##### DATASET EXCERPTS #####
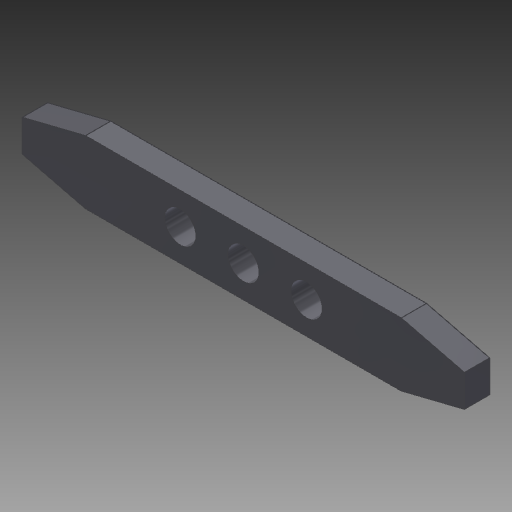
# Autodesk Inventor part: J001375
Saved by Autodesk Inventor 2018.2 (Build 222227000, 227)
## iProperties
Created: 2012-11-09
Material: TITANIUM, 6AL-4V, ANNEALED
Vendor: HHMI: JFRC - ID&F
Document SubType Name: Modeling
Designer: OSBORNEJ
Density: 4.43 g/cm^3
Part Number: J001375
Project: P-091902
Description: KS STYLE HEADPOST WITH THREE EPOXY HOLES MOUSE HEAD POST
Mass: 0.278213 g
Surface Area: 1.70994 cm^2
Volume: 0.062802 cm^3
Appearance: Metal-Steel (Polished)
RuleStatus: InUse
AfterDocSave0: file://Part Number Cleaner
LAB/DEPT: COMMON
REQUESTING SCIENTIST: COMMON
SURFACE ROUGHNESS: 63RA
DESIGN DEPARTMENT: HHMI: JRC - ID&F
SPECIAL FINISH: NONE
ALTERED ITEM PART NUMBER: N/A
ALTERED ITEM VENDOR: N/A
ALTERED ITEM DESCRIPTION: N/A
Revision Number: -
Autodesk Inventor part; units mm, degrees
ref_plane "YZ Plane" through (0, 0, 0) normal (1, 0, 0) x (0, 1, 0)
ref_plane "XZ Plane" through (0, 0, 0) normal (0, 1, 0) x (-1, 0, 0)
ref_plane "XY Plane" through (0, 0, 0) normal (0, 0, 1) x (1, 0, 0)
sketch "Sketch1" plane through (0, 0, 0) normal (0, 0, 1) x (1, 0, 0)
  line L0 (-11.1125, 1.5875) -> (11.1125, 1.5875)
  line L1 (11.1125, 1.5875) -> (11.1125, -1.5875)
  line L2 (11.1125, -1.5875) -> (-11.1125, -1.5875)
  line L3 (-11.1125, -1.5875) -> (-11.1125, 1.5875)
  line L4 (-7.9375, 1.5875) -> (-11.1125, 0.8001)
  line L5 (-7.9375, -1.5875) -> (-11.1125, -0.8001)
  line L6 (7.9375, -1.5875) -> (11.1125, -0.8001)
  line L7 (11.1125, 0.8001) -> (7.9375, 1.5875)
  point P0 (0, 0)
  point P1 (-3.175, 0)
  point P2 (0, 0)
  point P3 (3.175, 0)
  dimension "d0" = 3.175
  dimension "d1" = 22.225
  dimension "d2" = 11.1125
  dimension "d3" = 1.5875
  dimension "d4" = 1.6002
  dimension "d5" = 1.6002
  dimension "d6" = 0.7874
  dimension "d7" = 0.7874
  dimension "d8" = 3.175
  dimension "d9" = 3.175
  dimension "d10" = 3.175
  dimension "d11" = 3.175
  dimension "d12" = 3.175
  dimension "d13" = 3.175
  dimension "d14" = 0
  dimension "d15" = 1.5875
  constraints: 16 end point, 8 point on line, 2 parallel, 1 coincident, 1 horizontal, 1 perpendicular
  measures "d0" distance of L0.end L1.end
  measures "d1" distance of L0.start L0.end
  measures "d2" distance from line of point (0, 0) L1
  measures "d3" distance from line of point (0, 0) L0
  measures "d4" distance of L5.end L4.end
  measures "d5" distance of L7.start L6.end
  measures "d6" distance of L5.end L2.end
  measures "d7" distance of L6.end L1.end
  measures "d8" distance from line of L6.start L1
  measures "d9" distance from line of L7.end L1
  measures "d10" horizontal distance of L4.start L4.end
  measures "d11" horizontal distance of L5.end L5.start
  measures "d12" distance of point (3.175, 0) point (0, 0)
  measures "d13" distance of point (0, 0) point (-3.175, 0)
  measures "d14" vertical distance of point (-3.175, 0) point (0, 0)
  measures "d15" distance from line of L2 point (3.175, 0)
extrude "Extrusion1" add sketch "Sketch1" along normal blind 1.27 contours L0 L7 L1 L6 L2 L5 L3 L4
hole "Hole1" at (-3.175, 0, 0) at (0, 0, 0) at (3.175, 0, 0) direction (0, 0, 1) diameter 1.6002 end through all
equation "\"d2\" = 0.5 * d1"
equation "\"d3\" = 0.5 * d0"
body "Solid1"
#####
● WORK INSTRUCTIONS:
Could you retype every record exactly, leaving the pictures out?

● RESPONSE TO THIS EXERCISE:
# Autodesk Inventor part: J001375
Saved by Autodesk Inventor 2018.2 (Build 222227000, 227)
## iProperties
Created: 2012-11-09
Material: TITANIUM, 6AL-4V, ANNEALED
Vendor: HHMI: JFRC - ID&F
Document SubType Name: Modeling
Designer: OSBORNEJ
Density: 4.43 g/cm^3
Part Number: J001375
Project: P-091902
Description: KS STYLE HEADPOST WITH THREE EPOXY HOLES MOUSE HEAD POST
Mass: 0.278213 g
Surface Area: 1.70994 cm^2
Volume: 0.062802 cm^3
Appearance: Metal-Steel (Polished)
RuleStatus: InUse
AfterDocSave0: file://Part Number Cleaner
LAB/DEPT: COMMON
REQUESTING SCIENTIST: COMMON
SURFACE ROUGHNESS: 63RA
DESIGN DEPARTMENT: HHMI: JRC - ID&F
SPECIAL FINISH: NONE
ALTERED ITEM PART NUMBER: N/A
ALTERED ITEM VENDOR: N/A
ALTERED ITEM DESCRIPTION: N/A
Revision Number: -
Autodesk Inventor part; units mm, degrees
ref_plane "YZ Plane" through (0, 0, 0) normal (1, 0, 0) x (0, 1, 0)
ref_plane "XZ Plane" through (0, 0, 0) normal (0, 1, 0) x (-1, 0, 0)
ref_plane "XY Plane" through (0, 0, 0) normal (0, 0, 1) x (1, 0, 0)
sketch "Sketch1" plane through (0, 0, 0) normal (0, 0, 1) x (1, 0, 0)
  line L0 (-11.1125, 1.5875) -> (11.1125, 1.5875)
  line L1 (11.1125, 1.5875) -> (11.1125, -1.5875)
  line L2 (11.1125, -1.5875) -> (-11.1125, -1.5875)
  line L3 (-11.1125, -1.5875) -> (-11.1125, 1.5875)
  line L4 (-7.9375, 1.5875) -> (-11.1125, 0.8001)
  line L5 (-7.9375, -1.5875) -> (-11.1125, -0.8001)
  line L6 (7.9375, -1.5875) -> (11.1125, -0.8001)
  line L7 (11.1125, 0.8001) -> (7.9375, 1.5875)
  point P0 (0, 0)
  point P1 (-3.175, 0)
  point P2 (0, 0)
  point P3 (3.175, 0)
  dimension "d0" = 3.175
  dimension "d1" = 22.225
  dimension "d2" = 11.1125
  dimension "d3" = 1.5875
  dimension "d4" = 1.6002
  dimension "d5" = 1.6002
  dimension "d6" = 0.7874
  dimension "d7" = 0.7874
  dimension "d8" = 3.175
  dimension "d9" = 3.175
  dimension "d10" = 3.175
  dimension "d11" = 3.175
  dimension "d12" = 3.175
  dimension "d13" = 3.175
  dimension "d14" = 0
  dimension "d15" = 1.5875
  constraints: 16 end point, 8 point on line, 2 parallel, 1 coincident, 1 horizontal, 1 perpendicular
  measures "d0" distance of L0.end L1.end
  measures "d1" distance of L0.start L0.end
  measures "d2" distance from line of point (0, 0) L1
  measures "d3" distance from line of point (0, 0) L0
  measures "d4" distance of L5.end L4.end
  measures "d5" distance of L7.start L6.end
  measures "d6" distance of L5.end L2.end
  measures "d7" distance of L6.end L1.end
  measures "d8" distance from line of L6.start L1
  measures "d9" distance from line of L7.end L1
  measures "d10" horizontal distance of L4.start L4.end
  measures "d11" horizontal distance of L5.end L5.start
  measures "d12" distance of point (3.175, 0) point (0, 0)
  measures "d13" distance of point (0, 0) point (-3.175, 0)
  measures "d14" vertical distance of point (-3.175, 0) point (0, 0)
  measures "d15" distance from line of L2 point (3.175, 0)
extrude "Extrusion1" add sketch "Sketch1" along normal blind 1.27 contours L0 L7 L1 L6 L2 L5 L3 L4
hole "Hole1" at (-3.175, 0, 0) at (0, 0, 0) at (3.175, 0, 0) direction (0, 0, 1) diameter 1.6002 end through all
equation "\"d2\" = 0.5 * d1"
equation "\"d3\" = 0.5 * d0"
body "Solid1"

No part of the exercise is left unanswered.